We report the establishment and characterization of four new PDAC cell lines: MDA-PATC43, MDA-PATC50, MDA-PATC53, and MDA-PATC66, which were derived from patient tumor murine xenografts. Early passage and well-characterized human PDAC cell lines are important resources for studying cancer cell biology, as well as for developing new strategies against cancer cell growth and new drug therapy validation in vivo and in vitro.19 The first report on successful cultivation of a human PDAC was in 1963,20 and since then, numerous PDAC cell lines have been reported and characterized,21 but little is known about how these cell lines change over time in culture. Most of the previously established PDAC cell lines used in research were derived from primary pancreatic tumors, tumor metastases, or ascitic effusions, whereas all of our new cell lines were derived from murine patient tumor xenografts. We have found this approach to be beneficial because of the relatively larger amounts of tumor tissue from which to culture cells, as primary patient tumor specimens are usually more limited in volume. Also, murine xenografts are potentially endlessly expandable, so it is possible to isolate new cell lines long after the original tumor resection has taken place. The four PDAC cell lines we established have demonstrated efficient tumorigenicity when injected subcutaneously into nude mice, with a success rate of 100% (data not shown). Therefore, this approach can be used to produce durable cell lines that are able to be experimented with both in vitro and in vivo. This model enables concurrent study of patient tumor xenografts and their derived cell lines, which creates a robust platform to compare the biology of cancer cells living confined in mouse stromal tissues to cancer cells living as pure populations.

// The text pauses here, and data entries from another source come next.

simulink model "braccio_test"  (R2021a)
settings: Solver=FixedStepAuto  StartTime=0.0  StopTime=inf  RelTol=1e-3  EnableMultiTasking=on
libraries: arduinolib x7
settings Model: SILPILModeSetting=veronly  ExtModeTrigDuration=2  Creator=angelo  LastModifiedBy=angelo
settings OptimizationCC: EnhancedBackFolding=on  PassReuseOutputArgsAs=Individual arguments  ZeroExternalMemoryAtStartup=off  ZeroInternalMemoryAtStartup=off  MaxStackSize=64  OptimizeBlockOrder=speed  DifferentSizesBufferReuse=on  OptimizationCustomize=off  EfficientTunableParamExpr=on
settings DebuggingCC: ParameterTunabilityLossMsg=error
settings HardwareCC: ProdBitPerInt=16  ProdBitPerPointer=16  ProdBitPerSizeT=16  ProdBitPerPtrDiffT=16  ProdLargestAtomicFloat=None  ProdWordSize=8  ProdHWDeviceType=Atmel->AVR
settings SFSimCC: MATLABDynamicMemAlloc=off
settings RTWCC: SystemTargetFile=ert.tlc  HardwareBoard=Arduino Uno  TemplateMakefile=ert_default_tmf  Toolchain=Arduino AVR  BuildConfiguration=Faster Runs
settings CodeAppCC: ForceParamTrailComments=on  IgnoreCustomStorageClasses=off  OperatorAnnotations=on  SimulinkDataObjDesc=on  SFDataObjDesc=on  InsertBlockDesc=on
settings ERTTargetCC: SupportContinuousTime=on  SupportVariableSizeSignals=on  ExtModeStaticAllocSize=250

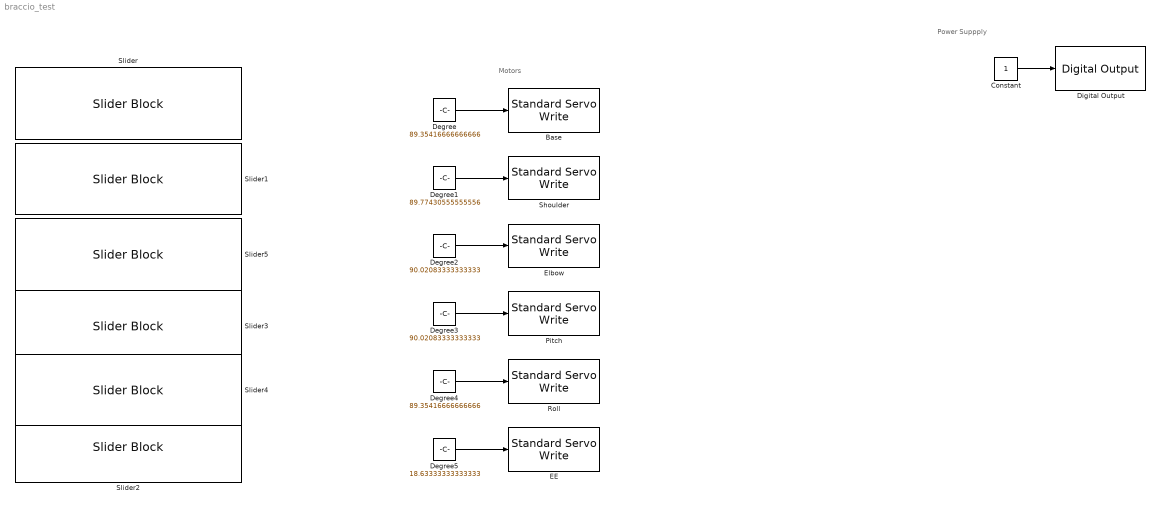
== system braccio_test ==
  note: Motors
  note: Power Suppply
  Base : arduinolib/Standard Servo Write  pinNumber=11  ServoIndex=0  blockPlatform=ARDUINO
  Constant : Constant
  Degree : Constant  Value=89.35416666666666
  Degree1 : Constant  Value=89.77430555555556
  Degree2 : Constant  Value=90.02083333333333
  Degree3 : Constant  Value=90.02083333333333
  Degree4 : Constant  Value=89.35416666666666
  Degree5 : Constant  Value=18.63333333333333
  Digital Output : arduinolib/Digital Output  pinNumber=12  Direction=output  blockPlatform=arduino
  EE : arduinolib/Standard Servo Write  pinNumber=3  ServoIndex=1  blockPlatform=ARDUINO
  Elbow : arduinolib/Standard Servo Write  pinNumber=9  ServoIndex=2  blockPlatform=ARDUINO
  Pitch : arduinolib/Standard Servo Write  pinNumber=6  ServoIndex=3  blockPlatform=ARDUINO
  Roll : arduinolib/Standard Servo Write  pinNumber=5  ServoIndex=4  blockPlatform=ARDUINO
  Shoulder : arduinolib/Standard Servo Write  pinNumber=10  ServoIndex=5  blockPlatform=ARDUINO
  Slider{,3..5} (4 alike) : SliderBlock  ScaleMax=180
  Slider1 : SliderBlock  ScaleMin=15  ScaleMax=165
  Slider2 : SliderBlock  ScaleMin=10  ScaleMax=73
  wires:
  Constant/1 -> Digital Output/1
  Degree/1 -> Base/1
  Degree5/1 -> EE/1
  Degree2/1 -> Elbow/1
  Degree3/1 -> Pitch/1
  Degree4/1 -> Roll/1
  Degree1/1 -> Shoulder/1
simulink model "LKAS_AutoSave_DF_20211126_SW5"  (R2018b)
settings: Solver=FixedStepDiscrete  StartTime=0.0  StopTime=10.0  FixedStep=0.01  RelTol=1e-3
undefined symbols (not defined in the file): LKA_CarWidth, LKA_SampleTime, LKA_StrRatio_C, LKA_Veh2CamL_C, LKA_Veh2CamW_C, LKA_WhlBaseL_C, LL_CompSWA_C, LL_CrvtPrvwT_C, LL_DesDvt_C, LL_DvtComp_C, LL_DvtPrvwT_C, LL_DvtSpdDet_vDvtSpdMin_C, LL_HdAgExT_C, LL_HdAgPrvwT_C, LL_LAccMax_C, LL_LAccRMax_C, LL_LDW_EarliestWarnLine_C, LL_LDW_LatestWarnLine_C, LL_LDWS_SUPPRESS_HEADING, LL_LFClb_TFC_FfCtlRatio_C, LL_LFClb_TFC_KdBalance_C, LL_LFClb_TFC_KdMaxSWA_C, LL_LFClb_TFC_KdV1_C, LL_LFClb_TFC_KdV2_C, LL_LFClb_TFC_KdVehSpdLwr_C, LL_LFClb_TFC_KdVehSpdUpr_C, LL_LFClb_TFC_Ki_C, LL_LFClb_TFC_KiMaxSWA_C, LL_LFClb_TFC_Kp_C, LL_LFClb_TFC_KpKlat_C, LL_LFClb_TFC_KpV1_C, LL_LFClb_TFC_KpV2_C, LL_LFClb_TFC_KpVehSpdLwr_C, LL_LFClb_TFC_KpVehSpdUpr_C, LL_LFClb_TFC_PrvwT_C, LL_LKA_EarliestWarnLine_C, LL_LKA_LatestWarnLine_C, LL_LKAExPrcs_ExitC0Dvt, LL_LKAExPrcs_ExitC0Swt, LL_LKAExPrcs_tiExitTime1, LL_LKAExPrcs_tiExitTime2, LL_LKAExPrcs_tiExitTime3, LL_LKAS_OUT_OF_CONTROL_LAT_VEL, LL_LKAS_OUT_OF_CONTROL_TTLC, LL_LKASWASyn_M0, LL_LKASWASyn_M1, LL_LKASWASyn_M2, LL_LKASWASyn_M3K, LL_LKASWASyn_SWAaddMax, LL_LKASWASyn_T2, LL_LKASWASyn_tiTrqSwaRtTime, LL_LKASWASyn_tiTrqSwaTime, LL_LKASWASyn_TrqMax, LL_LKASWASyn_TrqSwaAddSwt, LL_LKASWASyn_TrqSwaRateDiff, LL_LSpdCompT_C, LL_lStpLngth_C, LL_MAX_DELAY_EPSSTAR_TIME, LL_MAX_DRIVER_TORQUE_DISABLE, LL_MAX_DRIVER_TORQUE_ENABLE ... (+38)
libraries: simulink x137, canmsglib x10, dspstat3 x3, simulink_extras x1
(part 11 of 13)

== system LKAS_AutoSave_DF_20211126_SW5/LKAS/LL/LLOn/LL State Determination (LLStateDet)/LL State Machine Conditions (LLSMCon)/Disable Condition (DisblC)/LKA Own Condition (LKAOwnC)/LKA Own Condition Synthesis (LKAOwnCSyn) ==
  LKAOwnCSyn_stDACMode : Inport
  LKAOwnCSyn_stVehLSpdC : Inport  Port=2
  LKAOwnCSyn_stVehPosChk : Inport  Port=3
  LKAOwnCSyn_stEPSCtlEC : Inport  Port=4
  Compare To Constant : simulink/Logic and Bit Operations/Compare To Constant  relop===  const=2  OutDataTypeStr=boolean
  Compare To Constant1 : simulink/Logic and Bit Operations/Compare To Constant  relop===  const=1  OutDataTypeStr=boolean
  Compare To Constant2 : simulink/Logic and Bit Operations/Compare To Constant  relop===  const=1  OutDataTypeStr=boolean
  Compare To Constant3 : simulink/Logic and Bit Operations/Compare To Constant  relop===  const=1  OutDataTypeStr=boolean
  Logical Operator : Logic  AllPortsSameDT=off  OutDataTypeStr=boolean
  Logical Operator1 : Logic  Operator=OR  Inputs=3  AllPortsSameDT=off  OutDataTypeStr=boolean
  LKAOwnCSyn_stLKAOwnCSyn : Outport
  wires:
  Compare To Constant3/1 -> Logical Operator1/1
  LKAOwnCSyn_stVehLSpdC/1 -> Compare To Constant3/1
  Logical Operator1/1 -> Logical Operator/2
  Compare To Constant/1 -> Logical Operator/1
  Compare To Constant1/1 -> Logical Operator1/2
  Compare To Constant2/1 -> Logical Operator1/3
  LKAOwnCSyn_stEPSCtlEC/1 -> Compare To Constant2/1
  Logical Operator/1 -> LKAOwnCSyn_stLKAOwnCSyn/1
  LKAOwnCSyn_stVehPosChk/1 -> Compare To Constant1/1
  LKAOwnCSyn_stDACMode/1 -> Compare To Constant/1

== system LKAS_AutoSave_DF_20211126_SW5/LKAS/LL/LLOn/LL State Determination (LLStateDet)/LL State Machine Conditions (LLSMCon)/Disable Condition (DisblC)/LKA Own Condition (LKAOwnC)/Vehicle Lateral Speed Condition (VehLSpdC) ==
  VehLSpdC_bsTTLC : Inport
  VehLSpdC_vVehLSpdMax_C : Inport  Port=2
  Abs : Abs
  Abs1 : Abs
  Bus Selector : BusSelector  OutputSignals=vLft,vRgt
  Logical Operator : Logic  Operator=OR  AllPortsSameDT=off  OutDataTypeStr=boolean
  Relational Operator1 : RelationalOperator  OutDataTypeStr=boolean  RndMeth=Nearest
  Relational Operator2 : RelationalOperator  OutDataTypeStr=boolean  RndMeth=Nearest
  VehLSpdC_stVehLSpdC : Outport
  wires:
  Logical Operator/1 -> VehLSpdC_stVehLSpdC/1
  Relational Operator2/1 -> Logical Operator/2
  Relational Operator1/1 -> Logical Operator/1
  VehLSpdC_vVehLSpdMax_C/1 -> Relational Operator1/2, Relational Operator2/2
  Abs1/1 -> Relational Operator2/1
  Bus Selector/2 -> Abs1/1  "<vRgt>"
  Bus Selector/1 -> Abs/1  "<vLft>"
  Abs/1 -> Relational Operator1/1
  VehLSpdC_bsTTLC/1 -> Bus Selector/1

== system LKAS_AutoSave_DF_20211126_SW5/LKAS/LL/LLOn/LL State Determination (LLStateDet)/LL State Machine Conditions (LLSMCon)/Disable Condition (DisblC)/LKA Own Condition (LKAOwnC)/Vehicle Position Check (VehPosChk) ==
  VehPosChk_lLftDvt : Inport
  VehPosChk_lRgtDvt : Inport  Port=2
  VehPosChk_lAlrmLine_C : Inport  Port=3
  Logical Operator : Logic  Operator=OR  AllPortsSameDT=off  OutDataTypeStr=boolean
  Relational Operator1 : RelationalOperator  Operator=<=  OutDataTypeStr=boolean  RndMeth=Nearest
  Relational Operator2 : RelationalOperator  Operator=<=  OutDataTypeStr=boolean  RndMeth=Nearest
  VehPosChk_stVehPosChk : Outport
  wires:
  VehPosChk_lRgtDvt/1 -> Relational Operator2/1
  VehPosChk_lLftDvt/1 -> Relational Operator1/1
  Logical Operator/1 -> VehPosChk_stVehPosChk/1
  Relational Operator2/1 -> Logical Operator/2
  Relational Operator1/1 -> Logical Operator/1
  VehPosChk_lAlrmLine_C/1 -> Relational Operator2/2, Relational Operator1/2

== system LKAS_AutoSave_DF_20211126_SW5/LKAS/LL/LLOn/LL State Determination (LLStateDet)/LL State Machine Conditions (LLSMCon)/Disable Condition (DisblC)/Lane Condition (LaneC)/Lane C1 Detection (LaneC1Det) ==
  LaneWDet_facmL0C1 : Inport
  LaneWDet_facmR0C1 : Inport  Port=2
  Abs : Abs
  Add : Sum  Inputs=+-  OutDataTypeStr=single
  Compare To Constant1 : simulink/Logic and Bit Operations/Compare To Constant  relop=>  const=0.040  OutDataTypeStr=boolean
  LaneC1Det_stLaneC1DetFlg : Outport
  wires:
  Abs/1 -> Compare To Constant1/1
  Compare To Constant1/1 -> LaneC1Det_stLaneC1DetFlg/1
  Add/1 -> Abs/1
  LaneWDet_facmL0C1/1 -> Add/1
  LaneWDet_facmR0C1/1 -> Add/2

== system LKAS_AutoSave_DF_20211126_SW5/LKAS/LL/LLOn/LL State Determination (LLStateDet)/LL State Machine Conditions (LLSMCon)/Disable Condition (DisblC)/Lane Condition (LaneC)/Lane Condition Synthesis (LaneCSyn) ==
  LaneCSyn_stLaneQlECFlg : Inport
  LaneCSyn_stLaneWDetFlg : Inport  Port=2
  LaneCSyn_stLaneCrvtDetFlg : Inport  Port=3
  LaneCSyn_stLaneC1DetFlg : Inport  Port=4
  Logical Operator3 : Logic  Operator=OR  Inputs=4  AllPortsSameDT=off  OutDataTypeStr=boolean
  LaneCSyn_stLaneCSyn : Outport
  wires:
  LaneCSyn_stLaneC1DetFlg/1 -> Logical Operator3/4
  LaneCSyn_stLaneWDetFlg/1 -> Logical Operator3/2
  Logical Operator3/1 -> LaneCSyn_stLaneCSyn/1
  LaneCSyn_stLaneCrvtDetFlg/1 -> Logical Operator3/3
  LaneCSyn_stLaneQlECFlg/1 -> Logical Operator3/1

== system LKAS_AutoSave_DF_20211126_SW5/LKAS/LL/LLOn/LL State Determination (LLStateDet)/LL State Machine Conditions (LLSMCon)/Disable Condition (DisblC)/Lane Condition (LaneC)/Lane Curvature Detection (LaneCrvtDet) ==
  LaneCrvtDet_crPrvwCrvt : Inport
  LaneCrvtDet_crLaneCrvtMax_C : Inport  Port=2
  Abs : Abs
  Constant : Constant  Value=0  OutDataTypeStr=single  SampleTime=-1
  Interval Test Dynamic : simulink/Logic and Bit Operations/Interval Test Dynamic  IntervalClosedRight=on  IntervalClosedLeft=on  OutDataTypeStr=boolean
      settings: SourceProductName=Simulink  SourceProductBaseCode=SL
  Logical Operator : Logic  Operator=NOT  AllPortsSameDT=off  OutDataTypeStr=boolean
  LaneCrvtDet_stLaneCrvtDetFlg : Outport
  wires:
  Abs/1 -> Interval Test Dynamic/2
  LaneCrvtDet_crPrvwCrvt/1 -> Abs/1
  Constant/1 -> Interval Test Dynamic/3
  LaneCrvtDet_crLaneCrvtMax_C/1 -> Interval Test Dynamic/1
  Logical Operator/1 -> LaneCrvtDet_stLaneCrvtDetFlg/1
  Interval Test Dynamic/1 -> Logical Operator/1

== system LKAS_AutoSave_DF_20211126_SW5/LKAS/LL/LLOn/LL State Determination (LLStateDet)/LL State Machine Conditions (LLSMCon)/Disable Condition (DisblC)/Lane Condition (LaneC)/Lane Quality Disable Condition (LaneQlDC) ==
  LaneQlDC_stFacmL0Ql : Inport
  LaneQlDC_stFacmR0Ql : Inport  Port=2
  Compare To Constant : simulink/Logic and Bit Operations/Compare To Constant  relop=<  const=3  OutDataTypeStr=boolean
  Compare To Constant1 : simulink/Logic and Bit Operations/Compare To Constant  relop=<  const=3  OutDataTypeStr=boolean
  Logical Operator : Logic  AllPortsSameDT=off  OutDataTypeStr=boolean
  LaneQlDC_stLaneQlDCFlg : Outport
  wires:
  Logical Operator/1 -> LaneQlDC_stLaneQlDCFlg/1
  Compare To Constant1/1 -> Logical Operator/2
  Compare To Constant/1 -> Logical Operator/1
  LaneQlDC_stFacmR0Ql/1 -> Compare To Constant1/1
  LaneQlDC_stFacmL0Ql/1 -> Compare To Constant/1

== system LKAS_AutoSave_DF_20211126_SW5/LKAS/LL/LLOn/LL State Determination (LLStateDet)/LL State Machine Conditions (LLSMCon)/Disable Condition (DisblC)/Lane Condition (LaneC)/Lane Width Detection (LaneWDet) ==
  LaneWDet_LaneWidth : Inport
  LaneWDet_lLaneWMax : Inport  Port=2
  LaneWDet_lLaneWMin : Inport  Port=3
  Abs1 : Abs
  Compare To Zero : simulink/Logic and Bit Operations/Compare To Zero  relop===  OutDataTypeStr=boolean
  Interval Test Dynamic : simulink/Logic and Bit Operations/Interval Test Dynamic  IntervalClosedRight=on  IntervalClosedLeft=on  OutDataTypeStr=boolean
      settings: SourceProductName=Simulink  SourceProductBaseCode=SL
  LaneWDet_stLaneWDetFlg : Outport
  wires:
  LaneWDet_LaneWidth/1 -> Abs1/1
  Abs1/1 -> Interval Test Dynamic/2
  LaneWDet_lLaneWMin/1 -> Interval Test Dynamic/3
  LaneWDet_lLaneWMax/1 -> Interval Test Dynamic/1
  Compare To Zero/1 -> LaneWDet_stLaneWDetFlg/1
  Interval Test Dynamic/1 -> Compare To Zero/1

== system LKAS_AutoSave_DF_20211126_SW5/LKAS/LL/LLOn/LL State Determination (LLStateDet)/LL State Machine Conditions (LLSMCon)/Disable Condition (DisblC)/Subsystem/Subsystem ==
  in1 : Inport
  Add : Sum
  Cast To Single : DataTypeConversion  OutDataTypeStr=uint8
  Memory : Memory  InheritSampleTime=on
  Saturation : Saturate  UpperLimit=1  LowerLimit=0
      settings: AttributesFormatString="Min = %<LowerLimit>  Max = %<UpperLimit>"
  Out1 : Outport
  wires:
  Saturation/1 -> Out1/1, Add/2
  Add/1 -> Memory/1
  Memory/1 -> Saturation/1
  in1/1 -> Cast To Single/1
  Cast To Single/1 -> Add/1

== system LKAS_AutoSave_DF_20211126_SW5/LKAS/LL/LLOn/LL State Determination (LLStateDet)/LL State Machine Conditions (LLSMCon)/Disable Condition (DisblC)/Subsystem/Subsystem1 ==
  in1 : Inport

In this study, we have also shown that PDAC cells from a primary pancreatic tumor site take on a predominately mesenchymal phenotype when isolated from murine xenograft tumors, and this mesenchymal phenotype is further augmented when these cell lines are grown as subcutaneous tumors in immunocompromised mice. On the other hand, one cell line, MDA-PATC53, isolated from a liver metastasis of a pancreatic primary adenocarcinoma, maintained a predominately epithelial phenotype. Also, MDA-PATC53 maintained a wild-type SMAD4 gene from the initial surgical resection, to xenograft establishment, and finally to cell line isolation. This suggests that epithelial or mesenchymal phenotypic changes in culture may depend on the tissue of origin and whether the cells came from a primary tumor vs a metastasis. Future studies will be required to further delineate the changes in cancer cell biology that occur upon establishment of cell lines from patient or xenograft tissues, and how their tumor environments of origin affect these changes. This information can potentially be used to help reconcile experimental findings in vitro and in vivo, in order to overcome limitations often seen when therapies are translated from the petri dish to animal models and finally to human patients.